<<<<

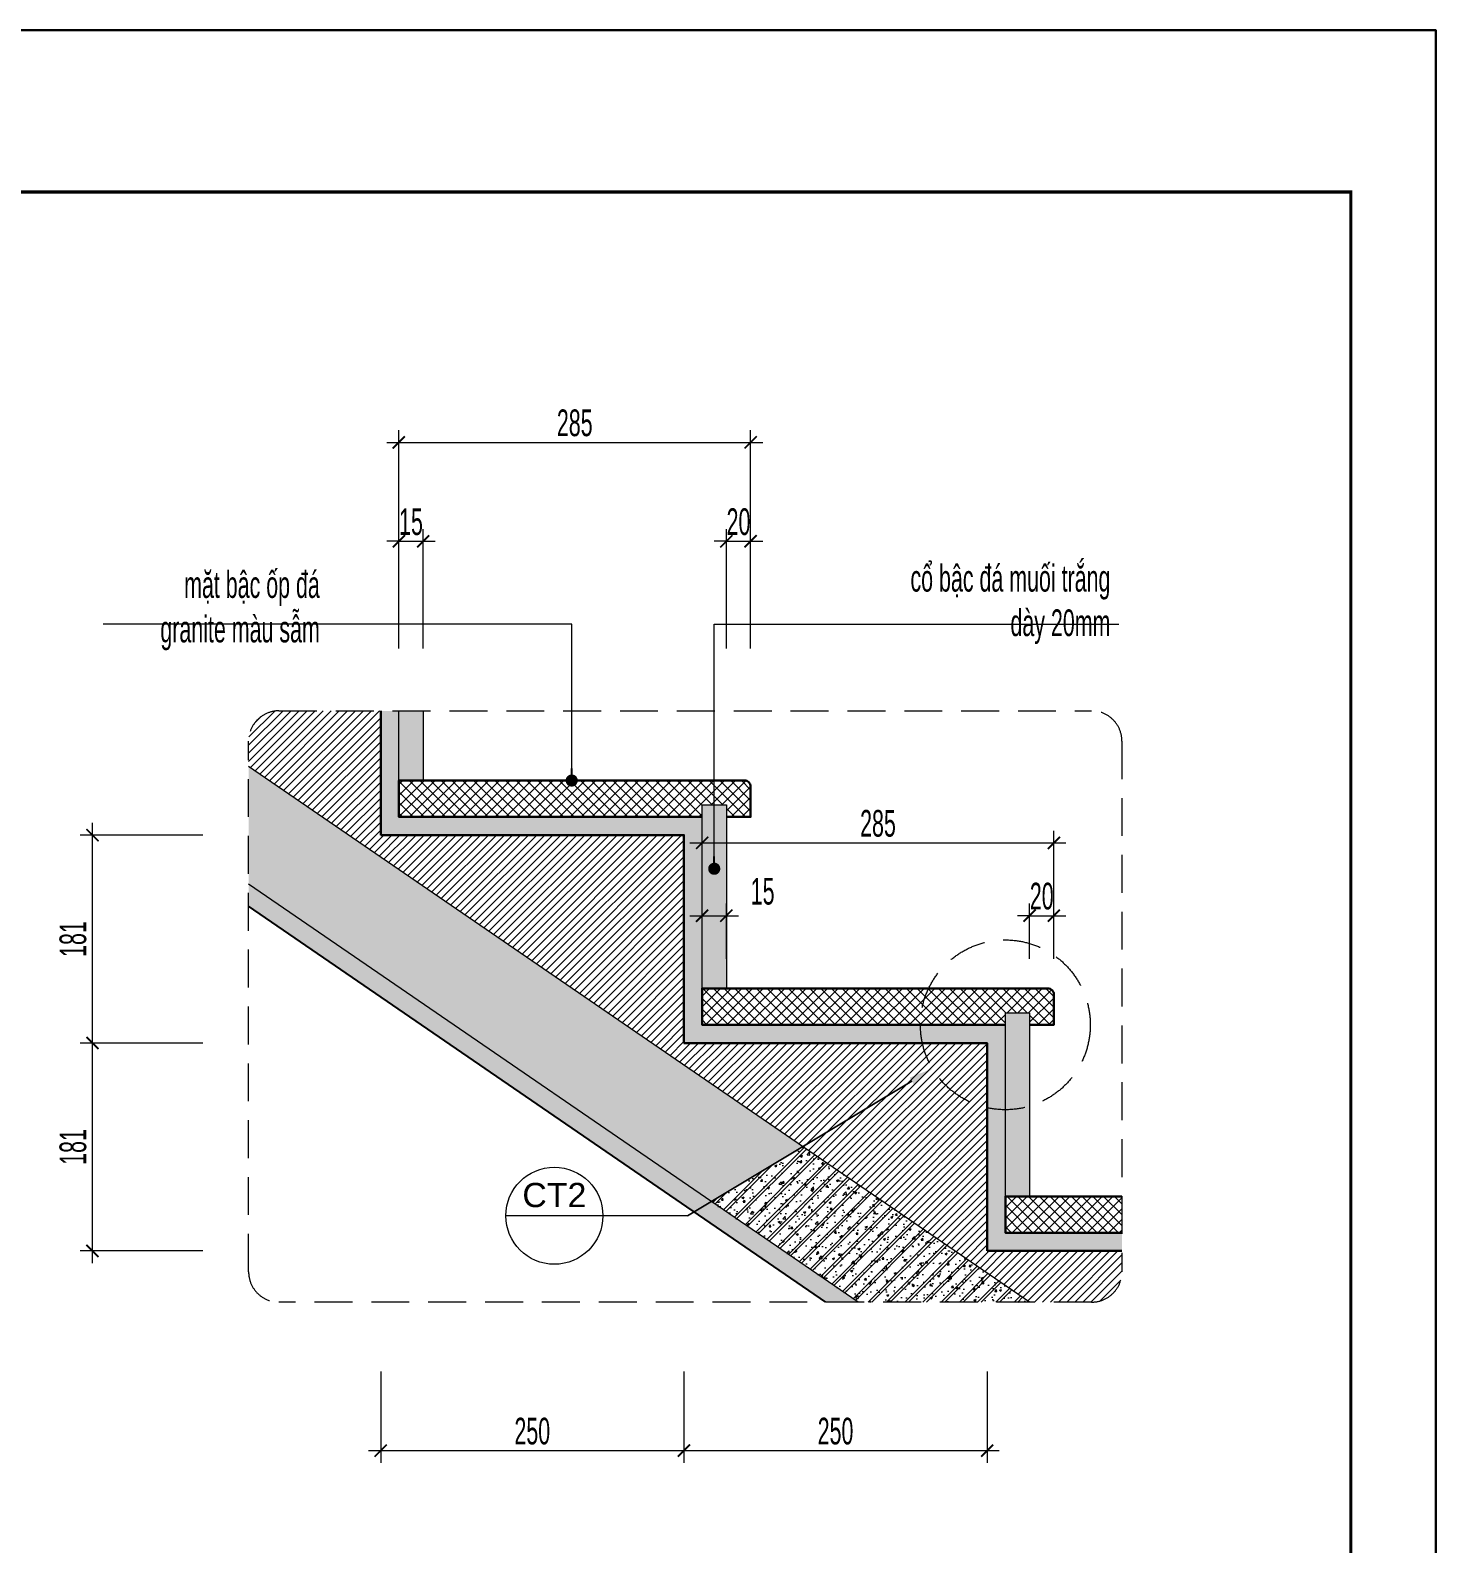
# Model space of a CAD drawing. Header units: inches. Extents: x 274208 to 641690, y -81912 to 129129.
# Drawn here: x 467966 to 472601, y -8001 to -3010 of the extents above; entities that cross this region are included whole.
import ezdxf
from ezdxf.enums import TextEntityAlignment as Align

# ---------------------------------------------------------------- set-up
doc = ezdxf.new("R2010")
doc.units = ezdxf.units.IN
doc.header["$MEASUREMENT"] = 0
doc.header["$PDMODE"] = 3
doc.linetypes.add('$1$HIDDEN', pattern=[0.375, 0.25, -0.125])
for name, color, linetype, lineweight in [('02.Thay', 145, 'Continuous', 20), ('05.Text', 253, 'Continuous', 18), ('08.Dim', 156, 'Continuous', 15), ('09.Hatch', 250, 'Continuous', 5), ('11.Khung bo', 32, 'Continuous', 50), ('12.Khung', 36, 'Continuous', 25), ('Alliance-cat', 4, 'Continuous', 30), ('Alliance-kyhieu', 1, 'Continuous', 13), ('Alliance-manh', 8, 'Continuous', 13)]:
    doc.layers.add(name, color=color, linetype=linetype, lineweight=lineweight)
doc.layers.add('KICHTHUOC', color=8, linetype='Continuous')
doc.layers.add('Tpl_Bound', color=1, linetype='Continuous', plot=False)
doc.styles.add('Alliance-Arial', font='arial.ttf')
doc.styles.add('TT5_Text Dim', font='hoatbif.shx', dxfattribs={"width": 0.6})
doc.dimstyles.new('TT5_Dim 1-40', dxfattribs={"dimscale": 40, "dimtxt": 2.2, "dimasz": 1, "dimexe": 1, "dimexo": 0.5, "dimgap": 0.5, "dimtad": 1, "dimdec": 0, "dimzin": 0, "dimdsep": 46, "dimtxsty": 'TT5_Text Dim', "dimblk": 'ARCHTICK', "dimcen": 0, "dimdle": 1, "dimclrd": 256, "dimclre": 256, "dimclrt": 1, "dimadec": 0, "dimazin": 0, "dimtfac": 0.015, "dimtdec": 0, "dimtix": 1, "dimtmove": 2, "dimatfit": 3, "dimldrblk": 'DOT', "dimfxl": 1, "dimtolj": 1, "dimtzin": 0, "dimlwd": -1, "dimlwe": -1, "dimarcsym": 1})
pattern_1 = [(50, (641809.937, -480933.095), (71.726018, -6.2752135), [7.5, -82.5]), (355, (641809.94, -480933.095), (-13.875133, 75.219213), [6, -66]), (100.4514, (641815.914, -480933.62), (57.850938, 68.943954), [6.374019, -70.114211]), (46.1842, (641809.94, -480913.095), (106.724105, -16.551901), [11.25, -123.75]), (96.6356, (641818.83, -480914.47), (93.46627, 97.411787), [9.561029, -105.1713]), (351.1842, (641809.94, -480913.1), (93.466195, 97.41186), [9, -99]), (21, (641819.937, -480918.095), (59.690705, -40.261889), [7.5, -82.5]), (326, (641819.94, -480918.095), (24.331533, 72.515005), [6, -66]), (71.4514, (641824.91, -480921.45), (84.022263, 32.25305), [6.374019, -70.114211]), (37.5, (641809.937, -480933.095), (1.2159855, 33.2893854), [0, -65.2, 0, -67, 0, -66.25]), (7.5, (641809.937, -480933.095), (26.3069537, 39.4411712), [0, -38.2, 0, -63.7, 0, -25.25]), (327.5, (641787.637, -480933.095), (53.3822436, -2.2554872), [0, -25, 0, -78, 0, -103.5]), (317.5, (641777.637, -480933.095), (58.318617, 10.0104982), [0, -32.5, 0, -51.8, 0, -73.5]), (45, (641809.937, -480933.095), (-30.0520382, 30.0520382), []), (45, (641809.937, -480920.845), (-30.0520382, 30.0520382), [])]

# ---------------------------------------------------------------- blocks, each defined once
blk = doc.blocks.new('100')
at = {"layer": '11.Khung bo', "const_width": 26.7}
blk.add_lwpolyline([(1860913, -945240), (1860913, -916940), (1896063, -916940), (1896063, -945240)], close=True, dxfattribs=at)
at = {"layer": '12.Khung', "color": 1}
blk.add_lwpolyline([(1901579, -945940), (1901579, -916240), (1859580, -916240), (1859580, -945940)], close=True, dxfattribs=at)
blk = doc.blocks.new('_ARCHTICK')
at = {"color": 0, "linetype": 'ByBlock', "const_width": 0.15}
blk.add_lwpolyline([(-0.5, -0.5), (0.5, 0.5)], dxfattribs=at)
blk = doc.blocks.new('_DOT')
at = {"color": 1, "linetype": 'ByBlock'}
blk.add_line((-0.5, 0), (-1, 0), dxfattribs=at)
at = {"color": 1, "linetype": 'ByBlock', "const_width": 0.5}
blk.add_lwpolyline([(-0.25, 0, 1), (0.25, 0, 1)], format="xyb", close=True, dxfattribs=at)
blk = doc.blocks.new('*D1207')
at = {"layer": '08.Dim', "transparency": 16777216}
for p, q in [((468171.1, -6390.2), (468171.1, -5624.5)), ((468535.6, -5664.5), (468131.1, -5664.5)), ((468535.6, -6350.2), (468131.1, -6350.2))]:
    blk.add_line(p, q, dxfattribs=at)
at = {"layer": 'Defpoints', "color": 0, "transparency": 16777216}
for p in [(468171.1, -5664.5), (468555.6, -5664.5), (468555.6, -6350.2)]:
    blk.add_point(p, dxfattribs=at)
at = {"layer": '08.Dim', "transparency": 16777216, "xscale": 40, "yscale": 40, "zscale": 40}
for p, rotation in [((468171.1, -5664.5), 90), ((468171.1, -6350.2), 270)]:
    blk.add_blockref('_ARCHTICK', p, dxfattribs=dict(at, rotation=rotation))
at = {"layer": '08.Dim', "color": 1, "transparency": 16777216, "insert": (468107.1, -6007.3), "char_height": 88, "attachment_point": 5, "rotation": 90, "style": 'TT5_Text Dim'}
blk.add_mtext('\\A1;181', dxfattribs=at)
blk = doc.blocks.new('*D1208')
at = {"layer": '08.Dim', "transparency": 16777216}
for p, q in [((469121.6, -7433.4), (469121.6, -7734.5)), ((470121.6, -7433.4), (470121.6, -7734.5)), ((469081.6, -7694.5), (470161.6, -7694.5))]:
    blk.add_line(p, q, dxfattribs=at)
at = {"layer": 'Defpoints', "color": 0, "transparency": 16777216}
for p in [(469121.6, -7413.4), (470121.6, -7413.4), (470121.6, -7694.5)]:
    blk.add_point(p, dxfattribs=at)
at = {"layer": '08.Dim', "transparency": 16777216, "xscale": 40, "yscale": 40, "zscale": 40, "rotation": 180}
blk.add_blockref('_ARCHTICK', (469121.6, -7694.5), dxfattribs=at)
at = {"layer": '08.Dim', "transparency": 16777216, "xscale": 40, "yscale": 40, "zscale": 40}
blk.add_blockref('_ARCHTICK', (470121.6, -7694.5), dxfattribs=at)
at = {"layer": '08.Dim', "color": 1, "transparency": 16777216, "insert": (469621.6, -7630.5), "char_height": 88, "attachment_point": 5, "style": 'TT5_Text Dim'}
blk.add_mtext('\\A1;250', dxfattribs=at)
blk = doc.blocks.new('*D1209')
at = {"layer": '08.Dim', "transparency": 16777216}
for p, q in [((470141.6, -5930.2), (470301.6, -5930.2)), ((470181.6, -6073), (470181.6, -5890.2)), ((470261.6, -6073), (470261.6, -5890.2))]:
    blk.add_line(p, q, dxfattribs=at)
at = {"layer": 'Defpoints', "color": 0, "transparency": 16777216}
for p in [(470261.6, -5930.2), (470181.6, -6093), (470261.6, -6093)]:
    blk.add_point(p, dxfattribs=at)
at = {"layer": '08.Dim', "transparency": 16777216, "xscale": 40, "yscale": 40, "zscale": 40, "rotation": 180}
blk.add_blockref('_ARCHTICK', (470181.6, -5930.2), dxfattribs=at)
at = {"layer": '08.Dim', "transparency": 16777216, "xscale": 40, "yscale": 40, "zscale": 40}
blk.add_blockref('_ARCHTICK', (470261.6, -5930.2), dxfattribs=at)
at = {"layer": '08.Dim', "color": 1, "transparency": 16777216, "insert": (470381.3, -5850.2), "char_height": 88, "attachment_point": 5, "style": 'TT5_Text Dim'}
blk.add_mtext('\\A1;15', dxfattribs=at)
blk = doc.blocks.new('*D1210')
at = {"layer": '08.Dim', "transparency": 16777216}
for p, q in [((468171.1, -7075.9), (468171.1, -6310.2)), ((468535.6, -6350.2), (468131.1, -6350.2)), ((468535.6, -7035.9), (468131.1, -7035.9))]:
    blk.add_line(p, q, dxfattribs=at)
at = {"layer": 'Defpoints', "color": 0, "transparency": 16777216}
for p in [(468171.1, -6350.2), (468555.6, -6350.2), (468555.6, -7035.9)]:
    blk.add_point(p, dxfattribs=at)
at = {"layer": '08.Dim', "transparency": 16777216, "xscale": 40, "yscale": 40, "zscale": 40}
for p, rotation in [((468171.1, -6350.2), 90), ((468171.1, -7035.9), 270)]:
    blk.add_blockref('_ARCHTICK', p, dxfattribs=dict(at, rotation=rotation))
at = {"layer": '08.Dim', "color": 1, "transparency": 16777216, "insert": (468107.1, -6693), "char_height": 88, "attachment_point": 5, "rotation": 90, "style": 'TT5_Text Dim'}
blk.add_mtext('\\A1;181', dxfattribs=at)
blk = doc.blocks.new('*D1211')
at = {"layer": '08.Dim', "transparency": 16777216}
for p, q in [((469181.6, -5049.4), (469181.6, -4655.5)), ((469261.6, -5049.4), (469261.6, -4655.5)), ((469181.6, -4695.5), (469141.6, -4695.5)), ((469181.6, -4695.5), (469261.6, -4695.5)), ((469261.6, -4695.5), (469301.6, -4695.5))]:
    blk.add_line(p, q, dxfattribs=at)
at = {"layer": 'Defpoints', "color": 0, "transparency": 16777216}
for p in [(469261.6, -4695.5), (469181.6, -5069.4), (469261.6, -5069.4)]:
    blk.add_point(p, dxfattribs=at)
at = {"layer": '08.Dim', "transparency": 16777216, "xscale": 40, "yscale": 40, "zscale": 40}
blk.add_blockref('_ARCHTICK', (469181.6, -4695.5), dxfattribs=at)
at = {"layer": '08.Dim', "transparency": 16777216, "xscale": 40, "yscale": 40, "zscale": 40, "rotation": 180}
blk.add_blockref('_ARCHTICK', (469261.6, -4695.5), dxfattribs=at)
at = {"layer": '08.Dim', "color": 1, "transparency": 16777216, "insert": (469221.6, -4631.5), "char_height": 88, "attachment_point": 5, "style": 'TT5_Text Dim'}
blk.add_mtext('\\A1;15', dxfattribs=at)
blk = doc.blocks.new('*D1212')
at = {"layer": '08.Dim', "transparency": 16777216}
for p, q in [((471261.6, -5930.2), (471221.6, -5930.2)), ((471261.6, -6073), (471261.6, -5890.2)), ((471261.6, -5930.2), (471341.6, -5930.2)), ((471341.6, -6073), (471341.6, -5890.2)), ((471341.6, -5930.2), (471381.6, -5930.2))]:
    blk.add_line(p, q, dxfattribs=at)
at = {"layer": 'Defpoints', "color": 0, "transparency": 16777216}
for p in [(471341.6, -5930.2), (471261.6, -6093), (471341.6, -6093)]:
    blk.add_point(p, dxfattribs=at)
at = {"layer": '08.Dim', "transparency": 16777216, "xscale": 40, "yscale": 40, "zscale": 40}
blk.add_blockref('_ARCHTICK', (471261.6, -5930.2), dxfattribs=at)
at = {"layer": '08.Dim', "transparency": 16777216, "xscale": 40, "yscale": 40, "zscale": 40, "rotation": 180}
blk.add_blockref('_ARCHTICK', (471341.6, -5930.2), dxfattribs=at)
at = {"layer": '08.Dim', "color": 1, "transparency": 16777216, "insert": (471301.6, -5866.2), "char_height": 88, "attachment_point": 5, "style": 'TT5_Text Dim'}
blk.add_mtext('\\A1;20', dxfattribs=at)
blk = doc.blocks.new('*D1213')
at = {"layer": '08.Dim', "transparency": 16777216}
for p, q in [((469181.6, -4963.4), (469181.6, -4329.5)), ((470341.6, -4963.4), (470341.6, -4329.5)), ((469141.6, -4369.5), (470381.6, -4369.5))]:
    blk.add_line(p, q, dxfattribs=at)
at = {"layer": 'Defpoints', "color": 0, "transparency": 16777216}
for p in [(470341.6, -4369.5), (469181.6, -4983.4), (470341.6, -4983.4)]:
    blk.add_point(p, dxfattribs=at)
at = {"layer": '08.Dim', "transparency": 16777216, "xscale": 40, "yscale": 40, "zscale": 40, "rotation": 180}
blk.add_blockref('_ARCHTICK', (469181.6, -4369.5), dxfattribs=at)
at = {"layer": '08.Dim', "transparency": 16777216, "xscale": 40, "yscale": 40, "zscale": 40}
blk.add_blockref('_ARCHTICK', (470341.6, -4369.5), dxfattribs=at)
at = {"layer": '08.Dim', "color": 1, "transparency": 16777216, "insert": (469761.6, -4305.5), "char_height": 88, "attachment_point": 5, "style": 'TT5_Text Dim'}
blk.add_mtext('\\A1;285', dxfattribs=at)
blk = doc.blocks.new('*D1214')
at = {"layer": '08.Dim', "transparency": 16777216}
for p, q in [((470181.6, -6073), (470181.6, -5650.2)), ((471341.6, -6073), (471341.6, -5650.2)), ((470141.6, -5690.2), (471381.6, -5690.2))]:
    blk.add_line(p, q, dxfattribs=at)
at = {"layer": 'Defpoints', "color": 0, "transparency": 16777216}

>>>>

- **WORK ITEM**
Gather and copy every line of the data in which the string "blocks" is found.

- **SOLUTION TO THE EXERCISE**
# ---------------------------------------------------------------- blocks, each defined once
blk = doc.blocks.new('100')
blk = doc.blocks.new('_ARCHTICK')
blk = doc.blocks.new('_DOT')
blk = doc.blocks.new('*D1207')
blk = doc.blocks.new('*D1208')
blk = doc.blocks.new('*D1209')
blk = doc.blocks.new('*D1210')
blk = doc.blocks.new('*D1211')
blk = doc.blocks.new('*D1212')
blk = doc.blocks.new('*D1213')
blk = doc.blocks.new('*D1214')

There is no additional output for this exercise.